FLAC and many other compression algorithms do, in fact, use this  
technique.  They look at the music, predict future samples, and then  
encode the difference between the predicted value and the actual value.

It's doubtful that you could find a better algorithm at predicting  
the waveform, but if you do, then FLAC will work well with your added  
processing layer.

> I haven't experimented yet, but let's say I try to correlate frames  
> with the
> song, and I get something like 20 near-repeats, I may end up with a  
> very
> silent "song leftover", still as long as the song, but maybe in  
> 4bits worth
> or something? But it would also have bumps of original audio (that  
> didn't
> find any matching frame).
> The thing is, I don't really know how FLAC compresses so I don't  
> know if it
> would compress the "leftover" so much better.
It's doubtful that you could find such repetition, given that the  
frame size has nothing to do with the tempo of the song, and  
repetition in music are based on tempo.  But, if you could find a  
match or even a near match, then FLAC would compress the difference  
better than the original.

> And I don't really know how much matching frames you'd find out in  
> music out
> there, it would be very genre-dependent. But I'm surprised that no one
> really investigated this (there were old discussions in that  
> forum). Sure,
> streaming is important, but it's common to fully download a song.
The repetition would not be genre-dependent, but would be tempo- 
dependent.  I suppose you could say that certain genres might have a  
prevalent tempo, but there is enough variation within each genre to  
make the problem as big as non-genre-dependent matching.

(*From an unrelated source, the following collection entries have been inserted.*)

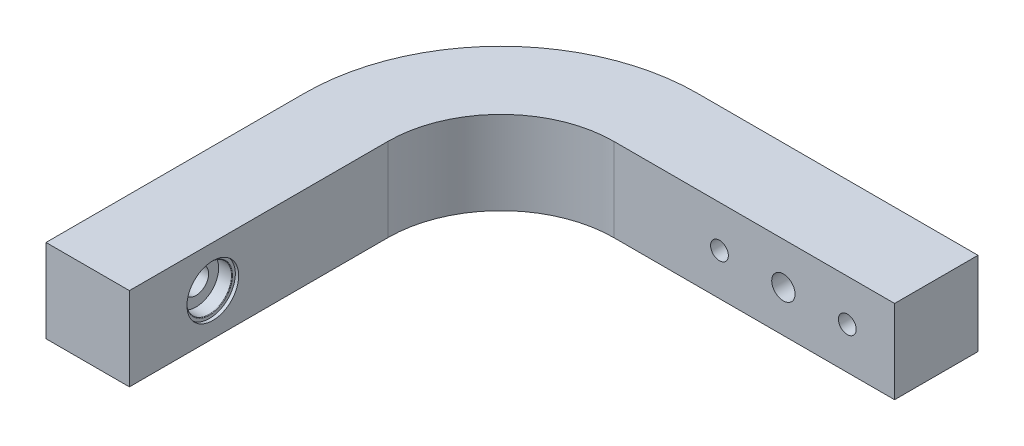
ISO-10303-21;
HEADER;
FILE_DESCRIPTION(('STEP AP214'),'2;1');
FILE_NAME('part.step','',(''),(''),'','','');
FILE_SCHEMA(('AUTOMOTIVE_DESIGN { 1 0 10303 214 1 1 1 1 }'));
ENDSEC;
DATA;
#1=APPLICATION_CONTEXT('core data for automotive mechanical design processes');
#2=APPLICATION_PROTOCOL_DEFINITION('international standard','automotive_design',2000,#1);
#3=PRODUCT_CONTEXT('',#1,'mechanical');
#4=PRODUCT('Part','Part','',(#3));
#5=PRODUCT_RELATED_PRODUCT_CATEGORY('part','',(#4));
#6=PRODUCT_DEFINITION_FORMATION('','',#4);
#7=PRODUCT_DEFINITION_CONTEXT('part definition',#1,'design');
#8=PRODUCT_DEFINITION('design','',#6,#7);
#9=PRODUCT_DEFINITION_SHAPE('','',#8);
#10=(LENGTH_UNIT() NAMED_UNIT(*) SI_UNIT(.MILLI.,.METRE.));
#11=(NAMED_UNIT(*) PLANE_ANGLE_UNIT() SI_UNIT($,.RADIAN.));
#12=(NAMED_UNIT(*) SI_UNIT($,.STERADIAN.) SOLID_ANGLE_UNIT());
#13=UNCERTAINTY_MEASURE_WITH_UNIT(LENGTH_MEASURE(1.E-05),#10,'distance_accuracy_value','');
#14=(GEOMETRIC_REPRESENTATION_CONTEXT(3) GLOBAL_UNCERTAINTY_ASSIGNED_CONTEXT((#13)) GLOBAL_UNIT_ASSIGNED_CONTEXT((#10,
#11,#12)) REPRESENTATION_CONTEXT('',''));
#15=CARTESIAN_POINT('',(0.,0.,0.));
#16=DIRECTION('',(0.,0.,1.));
#17=DIRECTION('',(1.,0.,0.));
#18=AXIS2_PLACEMENT_3D('',#15,#16,#17);
#19=CARTESIAN_POINT('',(-30.482748876,-7.5,35.321832584));
#20=DIRECTION('',(0.,1.,0.));
#21=DIRECTION('',(0.,0.,1.));
#22=AXIS2_PLACEMENT_3D('',#19,#20,#21);
#23=CYLINDRICAL_SURFACE('',#22,35.321832584);
#24=DIRECTION('',(0.,1.,0.));
#25=VECTOR('',#24,1.);
#26=CARTESIAN_POINT('',(-65.80458146,-7.5,35.321832584));
#27=LINE('',#26,#25);
#28=CARTESIAN_POINT('',(-65.80458146,-7.5,35.321832584));
#29=VERTEX_POINT('',#28);
#30=CARTESIAN_POINT('',(-65.80458146,7.5,35.321832584));
#31=VERTEX_POINT('',#30);
#32=EDGE_CURVE('E100',#29,#31,#27,.T.);
#33=ORIENTED_EDGE('',*,*,#32,.T.);
#34=CARTESIAN_POINT('',(-30.482748876,7.5,35.321832584));
#35=DIRECTION('',(0.,1.,0.));
#36=DIRECTION('',(0.,0.,1.));
#37=AXIS2_PLACEMENT_3D('',#34,#35,#36);
#38=CIRCLE('',#37,35.321832584);
#39=CARTESIAN_POINT('',(-30.482748876,7.5,0.));
#40=VERTEX_POINT('',#39);
#41=EDGE_CURVE('E103',#40,#31,#38,.T.);
#42=ORIENTED_EDGE('',*,*,#41,.F.);
#43=DIRECTION('',(0.,1.,0.));
#44=VECTOR('',#43,1.);
#45=CARTESIAN_POINT('',(-30.482748876,-7.5,0.));
#46=LINE('',#45,#44);
#47=CARTESIAN_POINT('',(-30.482748876,-7.5,0.));
#48=VERTEX_POINT('',#47);
#49=EDGE_CURVE('E11',#48,#40,#46,.T.);
#50=ORIENTED_EDGE('',*,*,#49,.F.);
#51=CARTESIAN_POINT('',(-30.482748876,-7.5,35.321832584));
#52=DIRECTION('',(0.,1.,0.));
#53=DIRECTION('',(0.,0.,1.));
#54=AXIS2_PLACEMENT_3D('',#51,#52,#53);
#55=CIRCLE('',#54,35.321832584);
#56=EDGE_CURVE('E104',#48,#29,#55,.T.);
#57=ORIENTED_EDGE('',*,*,#56,.T.);
#58=EDGE_LOOP('',(#33,#42,#50,#57));
#59=FACE_BOUND('',#58,.T.);
#60=ADVANCED_FACE('F38',(#59),#23,.T.);
#61=CARTESIAN_POINT('',(-30.482748876,-7.5,0.));
#62=DIRECTION('',(0.,0.,-1.));
#63=DIRECTION('',(-1.,0.,0.));
#64=AXIS2_PLACEMENT_3D('',#61,#62,#63);
#65=PLANE('',#64);
#66=CARTESIAN_POINT('',(11.5,0.,0.));
#67=DIRECTION('',(0.,0.,-1.));
#68=DIRECTION('',(-1.,0.,0.));
#69=AXIS2_PLACEMENT_3D('',#66,#67,#68);
#70=CIRCLE('',#69,1.6);
#71=CARTESIAN_POINT('',(9.9,0.,0.));
#72=VERTEX_POINT('',#71);
#73=EDGE_CURVE('E183',#72,#72,#70,.T.);
#74=ORIENTED_EDGE('',*,*,#73,.F.);
#75=EDGE_LOOP('',(#74));
#76=FACE_BOUND('',#75,.T.);
#77=CARTESIAN_POINT('',(-11.5,0.,0.));
#78=DIRECTION('',(0.,0.,-1.));
#79=DIRECTION('',(-1.,0.,0.));
#80=AXIS2_PLACEMENT_3D('',#77,#78,#79);
#81=CIRCLE('',#80,1.6);
#82=CARTESIAN_POINT('',(-13.1,0.,0.));
#83=VERTEX_POINT('',#82);
#84=EDGE_CURVE('E210',#83,#83,#81,.T.);
#85=ORIENTED_EDGE('',*,*,#84,.F.);
#86=EDGE_LOOP('',(#85));
#87=FACE_BOUND('',#86,.T.);
#88=CARTESIAN_POINT('',(0.,0.,0.));
#89=DIRECTION('',(0.,0.,-1.));
#90=DIRECTION('',(-1.,0.,0.));
#91=AXIS2_PLACEMENT_3D('',#88,#89,#90);
#92=CIRCLE('',#91,2.1);
#93=CARTESIAN_POINT('',(-2.1,0.,0.));
#94=VERTEX_POINT('',#93);
#95=EDGE_CURVE('E129',#94,#94,#92,.T.);
#96=ORIENTED_EDGE('',*,*,#95,.F.);
#97=EDGE_LOOP('',(#96));
#98=FACE_BOUND('',#97,.T.);
#99=ORIENTED_EDGE('',*,*,#49,.T.);
#100=DIRECTION('',(-1.,0.,0.));
#101=VECTOR('',#100,1.);
#102=CARTESIAN_POINT('',(-30.482748876,7.5,0.));
#103=LINE('',#102,#101);
#104=CARTESIAN_POINT('',(20.,7.5,0.));
#105=VERTEX_POINT('',#104);
#106=EDGE_CURVE('E122',#105,#40,#103,.T.);
#107=ORIENTED_EDGE('',*,*,#106,.F.);
#108=DIRECTION('',(0.,1.,0.));
#109=VECTOR('',#108,1.);
#110=CARTESIAN_POINT('',(20.,-7.5,0.));
#111=LINE('',#110,#109);
#112=CARTESIAN_POINT('',(20.,-7.5,0.));
#113=VERTEX_POINT('',#112);
#114=EDGE_CURVE('E46',#113,#105,#111,.T.);
#115=ORIENTED_EDGE('',*,*,#114,.F.);
#116=DIRECTION('',(-1.,0.,0.));
#117=VECTOR('',#116,1.);
#118=CARTESIAN_POINT('',(-30.482748876,-7.5,0.));
#119=LINE('',#118,#117);
#120=EDGE_CURVE('E109',#113,#48,#119,.T.);
#121=ORIENTED_EDGE('',*,*,#120,.T.);
#122=EDGE_LOOP('',(#99,#107,#115,#121));
#123=FACE_BOUND('',#122,.T.);
#124=ADVANCED_FACE('F217',(#76,#87,#98,#123),#65,.T.);
#125=CARTESIAN_POINT('',(20.,-7.5,15.));
#126=DIRECTION('',(1.,0.,0.));
#127=DIRECTION('',(0.,0.,-1.));
#128=AXIS2_PLACEMENT_3D('',#125,#126,#127);
#129=PLANE('',#128);
#130=ORIENTED_EDGE('',*,*,#114,.T.);
#131=DIRECTION('',(0.,0.,-1.));
#132=VECTOR('',#131,1.);
#133=CARTESIAN_POINT('',(20.,7.5,15.));
#134=LINE('',#133,#132);
#135=CARTESIAN_POINT('',(20.,7.5,15.));
#136=VERTEX_POINT('',#135);
#137=EDGE_CURVE('E142',#136,#105,#134,.T.);
#138=ORIENTED_EDGE('',*,*,#137,.F.);
#139=DIRECTION('',(0.,1.,0.));
#140=VECTOR('',#139,1.);
#141=CARTESIAN_POINT('',(20.,-7.5,15.));
#142=LINE('',#141,#140);
#143=CARTESIAN_POINT('',(20.,-7.5,15.));
#144=VERTEX_POINT('',#143);
#145=EDGE_CURVE('E164',#144,#136,#142,.T.);
#146=ORIENTED_EDGE('',*,*,#145,.F.);
#147=DIRECTION('',(0.,0.,-1.));
#148=VECTOR('',#147,1.);
#149=CARTESIAN_POINT('',(20.,-7.5,15.));
#150=LINE('',#149,#148);
#151=EDGE_CURVE('E160',#144,#113,#150,.T.);
#152=ORIENTED_EDGE('',*,*,#151,.T.);
#153=EDGE_LOOP('',(#130,#138,#146,#152));
#154=FACE_BOUND('',#153,.T.);
#155=ADVANCED_FACE('F220',(#154),#129,.T.);
#156=CARTESIAN_POINT('',(-30.482748876,-7.5,15.));
#157=DIRECTION('',(0.,0.,1.));
#158=DIRECTION('',(1.,0.,0.));
#159=AXIS2_PLACEMENT_3D('',#156,#157,#158);
#160=PLANE('',#159);
#161=CARTESIAN_POINT('',(11.5,0.,15.));
#162=DIRECTION('',(0.,0.,1.));
#163=DIRECTION('',(1.,0.,0.));
#164=AXIS2_PLACEMENT_3D('',#161,#162,#163);
#165=CIRCLE('',#164,1.6);
#166=CARTESIAN_POINT('',(13.1,0.,15.));
#167=VERTEX_POINT('',#166);
#168=EDGE_CURVE('E123',#167,#167,#165,.T.);
#169=ORIENTED_EDGE('',*,*,#168,.F.);
#170=EDGE_LOOP('',(#169));
#171=FACE_BOUND('',#170,.T.);
#172=CARTESIAN_POINT('',(-11.5,0.,15.));
#173=DIRECTION('',(0.,0.,1.));
#174=DIRECTION('',(1.,0.,0.));
#175=AXIS2_PLACEMENT_3D('',#172,#173,#174);
#176=CIRCLE('',#175,1.6);
#177=CARTESIAN_POINT('',(-9.9,0.,15.));
#178=VERTEX_POINT('',#177);
#179=EDGE_CURVE('E126',#178,#178,#176,.T.);
#180=ORIENTED_EDGE('',*,*,#179,.F.);
#181=EDGE_LOOP('',(#180));
#182=FACE_BOUND('',#181,.T.);
#183=CARTESIAN_POINT('',(0.,0.,15.));
#184=DIRECTION('',(0.,0.,1.));
#185=DIRECTION('',(1.,0.,0.));
#186=AXIS2_PLACEMENT_3D('',#183,#184,#185);
#187=CIRCLE('',#186,2.1);
#188=CARTESIAN_POINT('',(2.1,0.,15.));
#189=VERTEX_POINT('',#188);
#190=EDGE_CURVE('E173',#189,#189,#187,.T.);
#191=ORIENTED_EDGE('',*,*,#190,.F.);
#192=EDGE_LOOP('',(#191));
#193=FACE_BOUND('',#192,.T.);
#194=ORIENTED_EDGE('',*,*,#145,.T.);
#195=DIRECTION('',(1.,0.,0.));
#196=VECTOR('',#195,1.);
#197=CARTESIAN_POINT('',(-30.482748876,7.5,15.));
#198=LINE('',#197,#196);
#199=CARTESIAN_POINT('',(-30.482748876,7.5,15.));
#200=VERTEX_POINT('',#199);
#201=EDGE_CURVE('E139',#200,#136,#198,.T.);
#202=ORIENTED_EDGE('',*,*,#201,.F.);
#203=DIRECTION('',(0.,1.,0.));
#204=VECTOR('',#203,1.);
#205=CARTESIAN_POINT('',(-30.482748876,-7.5,15.));
#206=LINE('',#205,#204);
#207=CARTESIAN_POINT('',(-30.482748876,-7.5,15.));
#208=VERTEX_POINT('',#207);
#209=EDGE_CURVE('E166',#208,#200,#206,.T.);
#210=ORIENTED_EDGE('',*,*,#209,.F.);
#211=DIRECTION('',(1.,0.,0.));
#212=VECTOR('',#211,1.);
#213=CARTESIAN_POINT('',(-30.482748876,-7.5,15.));
#214=LINE('',#213,#212);
#215=EDGE_CURVE('E157',#208,#144,#214,.T.);
#216=ORIENTED_EDGE('',*,*,#215,.T.);
#217=EDGE_LOOP('',(#194,#202,#210,#216));
#218=FACE_BOUND('',#217,.T.);
#219=ADVANCED_FACE('F243',(#171,#182,#193,#218),#160,.T.);
#220=CARTESIAN_POINT('',(-30.482748876,-7.5,35.321832584));
#221=DIRECTION('',(0.,1.,0.));
#222=DIRECTION('',(0.,0.,1.));
#223=AXIS2_PLACEMENT_3D('',#220,#221,#222);
#224=CYLINDRICAL_SURFACE('',#223,20.321832584);
#225=ORIENTED_EDGE('',*,*,#209,.T.);
#226=CARTESIAN_POINT('',(-30.482748876,7.5,35.321832584));
#227=DIRECTION('',(0.,-1.,0.));
#228=DIRECTION('',(0.,0.,-1.));
#229=AXIS2_PLACEMENT_3D('',#226,#227,#228);
#230=CIRCLE('',#229,20.321832584);
#231=CARTESIAN_POINT('',(-50.80458146,7.5,35.321832584));
#232=VERTEX_POINT('',#231);
#233=EDGE_CURVE('E136',#232,#200,#230,.T.);
#234=ORIENTED_EDGE('',*,*,#233,.F.);
#235=DIRECTION('',(0.,1.,0.));
#236=VECTOR('',#235,1.);
#237=CARTESIAN_POINT('',(-50.80458146,-7.5,35.321832584));
#238=LINE('',#237,#236);
#239=CARTESIAN_POINT('',(-50.80458146,-7.5,35.321832584));
#240=VERTEX_POINT('',#239);
#241=EDGE_CURVE('E168',#240,#232,#238,.T.);
#242=ORIENTED_EDGE('',*,*,#241,.F.);
#243=CARTESIAN_POINT('',(-30.482748876,-7.5,35.321832584));
#244=DIRECTION('',(0.,-1.,0.));
#245=DIRECTION('',(0.,0.,-1.));
#246=AXIS2_PLACEMENT_3D('',#243,#244,#245);
#247=CIRCLE('',#246,20.321832584);
#248=EDGE_CURVE('E154',#240,#208,#247,.T.);
#249=ORIENTED_EDGE('',*,*,#248,.T.);
#250=EDGE_LOOP('',(#225,#234,#242,#249));
#251=FACE_BOUND('',#250,.T.);
#252=ADVANCED_FACE('F241',(#251),#224,.F.);
#253=CARTESIAN_POINT('',(-50.80458146,-7.5,81.80458146));
#254=DIRECTION('',(1.,0.,0.));
#255=DIRECTION('',(0.,0.,-1.));
#256=AXIS2_PLACEMENT_3D('',#253,#254,#255);
#257=PLANE('',#256);
#258=CARTESIAN_POINT('',(-50.80458146,0.,66.80458146));
#259=DIRECTION('',(-1.,0.,0.));
#260=DIRECTION('',(0.,0.,1.));
#261=AXIS2_PLACEMENT_3D('',#258,#259,#260);
#262=CIRCLE('',#261,4.65000000000002);
#263=CARTESIAN_POINT('',(-50.80458146,0.,71.45458146));
#264=VERTEX_POINT('',#263);
#265=EDGE_CURVE('E206',#264,#264,#262,.T.);
#266=ORIENTED_EDGE('',*,*,#265,.T.);
#267=EDGE_LOOP('',(#266));
#268=FACE_BOUND('',#267,.T.);
#269=ORIENTED_EDGE('',*,*,#241,.T.);
#270=DIRECTION('',(0.,0.,-1.));
#271=VECTOR('',#270,1.);
#272=CARTESIAN_POINT('',(-50.80458146,7.5,81.80458146));
#273=LINE('',#272,#271);
#274=CARTESIAN_POINT('',(-50.80458146,7.5,81.80458146));
#275=VERTEX_POINT('',#274);
#276=EDGE_CURVE('E133',#275,#232,#273,.T.);
#277=ORIENTED_EDGE('',*,*,#276,.F.);
#278=DIRECTION('',(0.,1.,0.));
#279=VECTOR('',#278,1.);
#280=CARTESIAN_POINT('',(-50.80458146,-7.5,81.80458146));
#281=LINE('',#280,#279);
#282=CARTESIAN_POINT('',(-50.80458146,-7.5,81.80458146));
#283=VERTEX_POINT('',#282);
#284=EDGE_CURVE('E170',#283,#275,#281,.T.);
#285=ORIENTED_EDGE('',*,*,#284,.F.);
#286=DIRECTION('',(0.,0.,-1.));
#287=VECTOR('',#286,1.);
#288=CARTESIAN_POINT('',(-50.80458146,-7.5,81.80458146));
#289=LINE('',#288,#287);
#290=EDGE_CURVE('E151',#283,#240,#289,.T.);
#291=ORIENTED_EDGE('',*,*,#290,.T.);
#292=EDGE_LOOP('',(#269,#277,#285,#291));
#293=FACE_BOUND('',#292,.T.);
#294=ADVANCED_FACE('F239',(#268,#293),#257,.T.);
#295=CARTESIAN_POINT('',(-65.80458146,-7.5,81.80458146));
#296=DIRECTION('',(0.,0.,1.));
#297=DIRECTION('',(1.,0.,0.));
#298=AXIS2_PLACEMENT_3D('',#295,#296,#297);
#299=PLANE('',#298);
#300=ORIENTED_EDGE('',*,*,#284,.T.);
#301=DIRECTION('',(1.,0.,0.));
#302=VECTOR('',#301,1.);
#303=CARTESIAN_POINT('',(-65.80458146,7.5,81.80458146));
#304=LINE('',#303,#302);
#305=CARTESIAN_POINT('',(-65.80458146,7.5,81.80458146));
#306=VERTEX_POINT('',#305);
#307=EDGE_CURVE('E117',#306,#275,#304,.T.);
#308=ORIENTED_EDGE('',*,*,#307,.F.);
#309=DIRECTION('',(0.,1.,0.));
#310=VECTOR('',#309,1.);
#311=CARTESIAN_POINT('',(-65.80458146,-7.5,81.80458146));
#312=LINE('',#311,#310);
#313=CARTESIAN_POINT('',(-65.80458146,-7.5,81.80458146));
#314=VERTEX_POINT('',#313);
#315=EDGE_CURVE('E108',#314,#306,#312,.T.);
#316=ORIENTED_EDGE('',*,*,#315,.F.);
#317=DIRECTION('',(1.,0.,0.));
#318=VECTOR('',#317,1.);
#319=CARTESIAN_POINT('',(-65.80458146,-7.5,81.80458146));
#320=LINE('',#319,#318);
#321=EDGE_CURVE('E148',#314,#283,#320,.T.);
#322=ORIENTED_EDGE('',*,*,#321,.T.);
#323=EDGE_LOOP('',(#300,#308,#316,#322));
#324=FACE_BOUND('',#323,.T.);
#325=ADVANCED_FACE('F235',(#324),#299,.T.);
#326=CARTESIAN_POINT('',(-65.80458146,-7.5,35.321832584));
#327=DIRECTION('',(-1.,0.,0.));
#328=DIRECTION('',(0.,0.,1.));
#329=AXIS2_PLACEMENT_3D('',#326,#327,#328);
#330=PLANE('',#329);
#331=CARTESIAN_POINT('',(-65.80458146,0.,66.80458146));
#332=DIRECTION('',(-1.,0.,0.));
#333=DIRECTION('',(0.,0.,1.));
#334=AXIS2_PLACEMENT_3D('',#331,#332,#333);
#335=CIRCLE('',#334,4.65000000000002);
#336=CARTESIAN_POINT('',(-65.80458146,0.,71.45458146));
#337=VERTEX_POINT('',#336);
#338=EDGE_CURVE('E179',#337,#337,#335,.T.);
#339=ORIENTED_EDGE('',*,*,#338,.F.);
#340=EDGE_LOOP('',(#339));
#341=FACE_BOUND('',#340,.T.);
#342=ORIENTED_EDGE('',*,*,#315,.T.);
#343=DIRECTION('',(0.,0.,1.));
#344=VECTOR('',#343,1.);
#345=CARTESIAN_POINT('',(-65.80458146,7.5,35.321832584));
#346=LINE('',#345,#344);
#347=EDGE_CURVE('E112',#31,#306,#346,.T.);
#348=ORIENTED_EDGE('',*,*,#347,.F.);
#349=ORIENTED_EDGE('',*,*,#32,.F.);
#350=DIRECTION('',(0.,0.,1.));
#351=VECTOR('',#350,1.);
#352=CARTESIAN_POINT('',(-65.80458146,-7.5,35.321832584));
#353=LINE('',#352,#351);
#354=EDGE_CURVE('E146',#29,#314,#353,.T.);
#355=ORIENTED_EDGE('',*,*,#354,.T.);
#356=EDGE_LOOP('',(#342,#348,#349,#355));
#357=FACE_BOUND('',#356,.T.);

People have investigated this, but perhaps not at the macro level as  
is being discussed here.  I think you'll discover that finding a  
match within a song is very difficult.  You could perhaps start with  
BPM detection code, and then try to find repetitions based upon  
tempo, but even if you find matches this way, you still would need to  
find some way to squeeze the repetitions into whole frames, which are  
not divisions of tempo.

Feel free to experiment.  The FLAC library makes it possible for you  
to work at the high level without writing everything yourself.

> At the same time this wouldn't be very interesting for my need,  
> which is to
> compress short samples. Now here too there could be a similar algo,  
> if it's
> tonal, cross-correlation would detect matching frames, only at a  
> smaller
> level. Imagine if you convert a violin sound into a pitch period  
> somewhere
> in its middle, and the residual from that the subtraction of that  
> pitch
> period in repeated frames. I think the residual would be rather quiet.

If you're going to use the primary violin sounds middle pitch as the  
predictor, then you need a way for your encoder and decoder to find  
the exact same waveform.  If you can do this in a way that your  
decoder could discover the predicted values, then FLAC would be a  
successful way to compress the residual.

Brian Willoughby
Sound Consulting